In Houston, Texas, where a Houston Methodist Hospital team has been sequencing and logging SARS-CoV-2 variants for almost every COVID-19 case in the hospital system, about 17% of Delta cases are in vaccinated people since March 2021, nearly three times the rate of breakthrough infections compared with all other variants combined. Patients with Delta SARS-CoV-2 also stayed in hospital slightly longer than did people infected with other variants. “There’s potentially a slightly different biology to the infection,” says James Musser, a molecular pathologist and director of the hospital’s Center for Molecular and Translational Human Infectious Diseases Research. His team found that Ct levels were similar in vaccinated and unvaccinated people3.

However, vaccinated people with Delta might remain infectious for a shorter period, according to researchers in Singapore who tracked viral loads for each day of COVID-19 infection among people who had and hadn’t been vaccinated. Delta viral loads were similar for both groups for the first week of infection, but dropped quickly after day 7 in vaccinated people4. “Given the high virus levels seen in the first week of illness with Delta, measures such as masks and hand hygiene which can reduce transmission are important for everyone, regardless of vaccination status,” says co-author Barnaby Young, an infectious-disease clinician at the National Centre for Infectious Diseases in Singapore.
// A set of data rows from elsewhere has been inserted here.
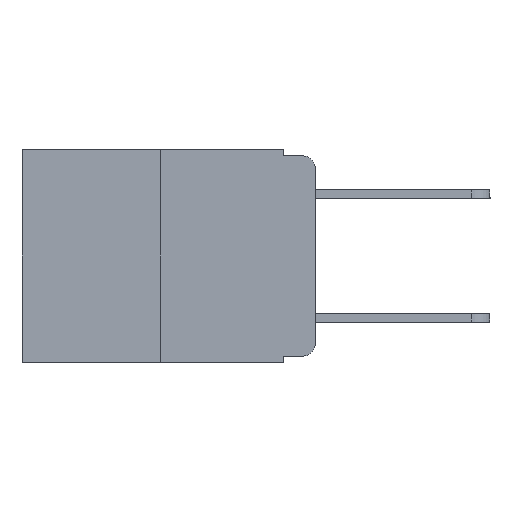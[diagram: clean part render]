
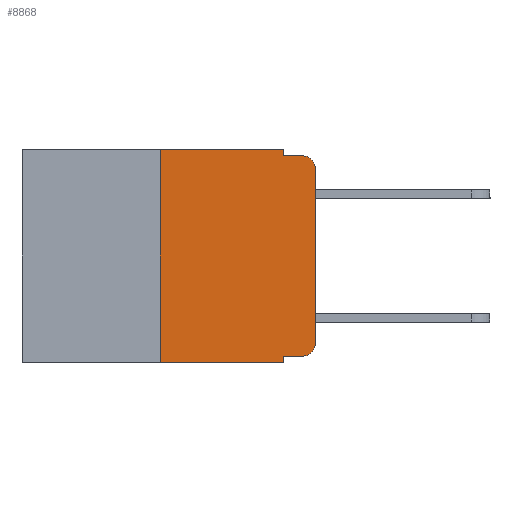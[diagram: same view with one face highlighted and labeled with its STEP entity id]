
A CAD part, left-side view. The second image highlights one B-rep face of the part: STEP entity #8868.
In plain terms, the highlighted planar face has unit normal (-1, 0, 0).
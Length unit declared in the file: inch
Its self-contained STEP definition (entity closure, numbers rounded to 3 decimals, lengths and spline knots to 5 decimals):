
#421 = AXIS2_PLACEMENT_3D ( 'NONE', #22572, #11133, #24481 ) ;
#549 = DIRECTION ( 'NONE',  ( -1., 0., 0. ) ) ;
#745 = ORIENTED_EDGE ( 'NONE', *, *, #21338, .F. ) ;
#1851 = EDGE_CURVE ( 'NONE', #7959, #11805, #9081, .T. ) ;
#2364 = EDGE_CURVE ( 'NONE', #11335, #17560, #16836, .T. ) ;
#2643 = ORIENTED_EDGE ( 'NONE', *, *, #11270, .F. ) ;
#2723 = EDGE_CURVE ( 'NONE', #7646, #17560, #19203, .T. ) ;
#3329 = VECTOR ( 'NONE', #11935, 39.37008 ) ;
#3608 = CARTESIAN_POINT ( 'NONE',  ( 0., 0.051, -0.333 ) ) ;
#3741 = LINE ( 'NONE', #24389, #13436 ) ;
#3743 = CARTESIAN_POINT ( 'NONE',  ( 0., 0.051, -0.343 ) ) ;
#3902 = ORIENTED_EDGE ( 'NONE', *, *, #23902, .F. ) ;
#4220 = ORIENTED_EDGE ( 'NONE', *, *, #8524, .F. ) ;
#4280 = VERTEX_POINT ( 'NONE', #11636 ) ;
#4760 = CARTESIAN_POINT ( 'NONE',  ( 0., 0.051, -0.333 ) ) ;
#4931 = ORIENTED_EDGE ( 'NONE', *, *, #13968, .T. ) ;
#5638 = LINE ( 'NONE', #19152, #15287 ) ;
#5701 = DIRECTION ( 'NONE',  ( 0., 0., -1. ) ) ;
#6718 = ORIENTED_EDGE ( 'NONE', *, *, #2723, .F. ) ;
#7306 = VECTOR ( 'NONE', #21690, 39.37008 ) ;
#7340 = LINE ( 'NONE', #23283, #3329 ) ;
#7636 = CARTESIAN_POINT ( 'NONE',  ( 0., 0.02, -0.01 ) ) ;
#7646 = VERTEX_POINT ( 'NONE', #3608 ) ;
#7655 = VECTOR ( 'NONE', #12533, 39.37008 ) ;
#7882 = CARTESIAN_POINT ( 'NONE',  ( 0., 0.051, 0. ) ) ;
#7906 = LINE ( 'NONE', #19764, #7306 ) ;
#7908 = DIRECTION ( 'NONE',  ( 0., -1., 0. ) ) ;
#7959 = VERTEX_POINT ( 'NONE', #18137 ) ;
#8246 = CARTESIAN_POINT ( 'NONE',  ( 0., 0., -0.313 ) ) ;
#8524 = EDGE_CURVE ( 'NONE', #4280, #11805, #7906, .T. ) ;
#8831 = VERTEX_POINT ( 'NONE', #9123 ) ;
#8868 = ADVANCED_FACE ( 'NONE', ( #16339 ), #9295, .F. ) ;
#9081 = CIRCLE ( 'NONE', #421, 0.02 ) ;
#9123 = CARTESIAN_POINT ( 'NONE',  ( 0., 0.02, -0.333 ) ) ;
#9295 = PLANE ( 'NONE',  #20274 ) ;
#9841 = CARTESIAN_POINT ( 'NONE',  ( 0., 0.473, 0. ) ) ;
#10619 = CARTESIAN_POINT ( 'NONE',  ( 0., 0.473, -0.343 ) ) ;
#11133 = DIRECTION ( 'NONE',  ( -1., 0., 0. ) ) ;
#11232 = DIRECTION ( 'NONE',  ( 0., 0., -1. ) ) ;
#11270 = EDGE_CURVE ( 'NONE', #14887, #23240, #21588, .T. ) ;
#11335 = VERTEX_POINT ( 'NONE', #21471 ) ;
#11636 = CARTESIAN_POINT ( 'NONE',  ( 0., 0.051, -0.01 ) ) ;
#11735 = VECTOR ( 'NONE', #18300, 39.37008 ) ;
#11805 = VERTEX_POINT ( 'NONE', #7636 ) ;
#11875 = CARTESIAN_POINT ( 'NONE',  ( 0., 0.051, 0. ) ) ;
#11935 = DIRECTION ( 'NONE',  ( 0., 0., 1. ) ) ;
#12313 = CARTESIAN_POINT ( 'NONE',  ( 0., 0.02, -0.313 ) ) ;
#12401 = AXIS2_PLACEMENT_3D ( 'NONE', #12313, #549, #14236 ) ;
#12533 = DIRECTION ( 'NONE',  ( 0., -1., 0. ) ) ;
#13318 = ORIENTED_EDGE ( 'NONE', *, *, #2364, .T. ) ;
#13436 = VECTOR ( 'NONE', #14879, 39.37008 ) ;
#13968 = EDGE_CURVE ( 'NONE', #7646, #8831, #22344, .T. ) ;
#14236 = DIRECTION ( 'NONE',  ( 0., 0., -1. ) ) ;
#14879 = DIRECTION ( 'NONE',  ( 0., 0., 1. ) ) ;
#14887 = VERTEX_POINT ( 'NONE', #15498 ) ;
#15287 = VECTOR ( 'NONE', #5701, 39.37008 ) ;
#15367 = CIRCLE ( 'NONE', #12401, 0.02 ) ;
#15498 = CARTESIAN_POINT ( 'NONE',  ( 0., 0.25, 0. ) ) ;
#16004 = ORIENTED_EDGE ( 'NONE', *, *, #1851, .T. ) ;
#16339 = FACE_OUTER_BOUND ( 'NONE', #20123, .T. ) ;
#16836 = LINE ( 'NONE', #10619, #11735 ) ;
#16981 = ORIENTED_EDGE ( 'NONE', *, *, #17830, .T. ) ;
#17121 = VERTEX_POINT ( 'NONE', #8246 ) ;
#17560 = VERTEX_POINT ( 'NONE', #3743 ) ;
#17579 = ORIENTED_EDGE ( 'NONE', *, *, #21826, .T. ) ;
#17830 = EDGE_CURVE ( 'NONE', #8831, #17121, #15367, .T. ) ;
#18137 = CARTESIAN_POINT ( 'NONE',  ( 0., 0., -0.03 ) ) ;
#18300 = DIRECTION ( 'NONE',  ( 0., -1., 0. ) ) ;
#19152 = CARTESIAN_POINT ( 'NONE',  ( 0., 0.051, 0. ) ) ;
#19203 = LINE ( 'NONE', #7882, #24291 ) ;
#19764 = CARTESIAN_POINT ( 'NONE',  ( 0., 0.051, -0.01 ) ) ;
#20123 = EDGE_LOOP ( 'NONE', ( #17579, #16004, #4220, #745, #2643, #3902, #13318, #6718, #4931, #16981 ) ) ;
#20274 = AXIS2_PLACEMENT_3D ( 'NONE', #20755, #22674, #11232 ) ;
#20392 = VECTOR ( 'NONE', #7908, 39.37008 ) ;
#20755 = CARTESIAN_POINT ( 'NONE',  ( 0., 0.473, 0. ) ) ;
#21275 = DIRECTION ( 'NONE',  ( 0., 0., -1. ) ) ;
#21338 = EDGE_CURVE ( 'NONE', #23240, #4280, #5638, .T. ) ;
#21471 = CARTESIAN_POINT ( 'NONE',  ( 0., 0.25, -0.343 ) ) ;
#21588 = LINE ( 'NONE', #9841, #20392 ) ;
#21690 = DIRECTION ( 'NONE',  ( 0., -1., 0. ) ) ;
#21826 = EDGE_CURVE ( 'NONE', #17121, #7959, #3741, .T. ) ;
#22344 = LINE ( 'NONE', #4760, #7655 ) ;
#22572 = CARTESIAN_POINT ( 'NONE',  ( 0., 0.02, -0.03 ) ) ;
#22674 = DIRECTION ( 'NONE',  ( 1., 0., 0. ) ) ;
#23240 = VERTEX_POINT ( 'NONE', #11875 ) ;
#23283 = CARTESIAN_POINT ( 'NONE',  ( 0., 0.25, 0. ) ) ;
#23902 = EDGE_CURVE ( 'NONE', #11335, #14887, #7340, .T. ) ;
#24291 = VECTOR ( 'NONE', #21275, 39.37008 ) ;
#24389 = CARTESIAN_POINT ( 'NONE',  ( 0., 0., 0. ) ) ;
#24481 = DIRECTION ( 'NONE',  ( 0., 0., -1. ) ) ;

One massive analysis of Delta transmission comes from the UK REACT-1 programme, led by a team at Imperial College London, which tests more than 100,000 UK volunteers every few weeks. The team ran Ct analyses for samples received in May, June and July, when Delta was rapidly replacing other variants to become the dominant driver of COVID-19 in the country. The results suggested that among people testing positive, those who had been vaccinated had a lower viral load on average than did unvaccinated people. Paul Elliott, an epidemiologist at Imperial, says that these results differ from other Ct studies because this study sampled the population at random and included people who tested positive without showing symptoms.

These findings — along with an increase in cases in younger people who have not yet received both jabs — underscore the effectiveness of double vaccination against Delta, Elliott says. “We think it’s really, really important to get as many people double vaccinated, and particularly those younger groups, as soon as possible.”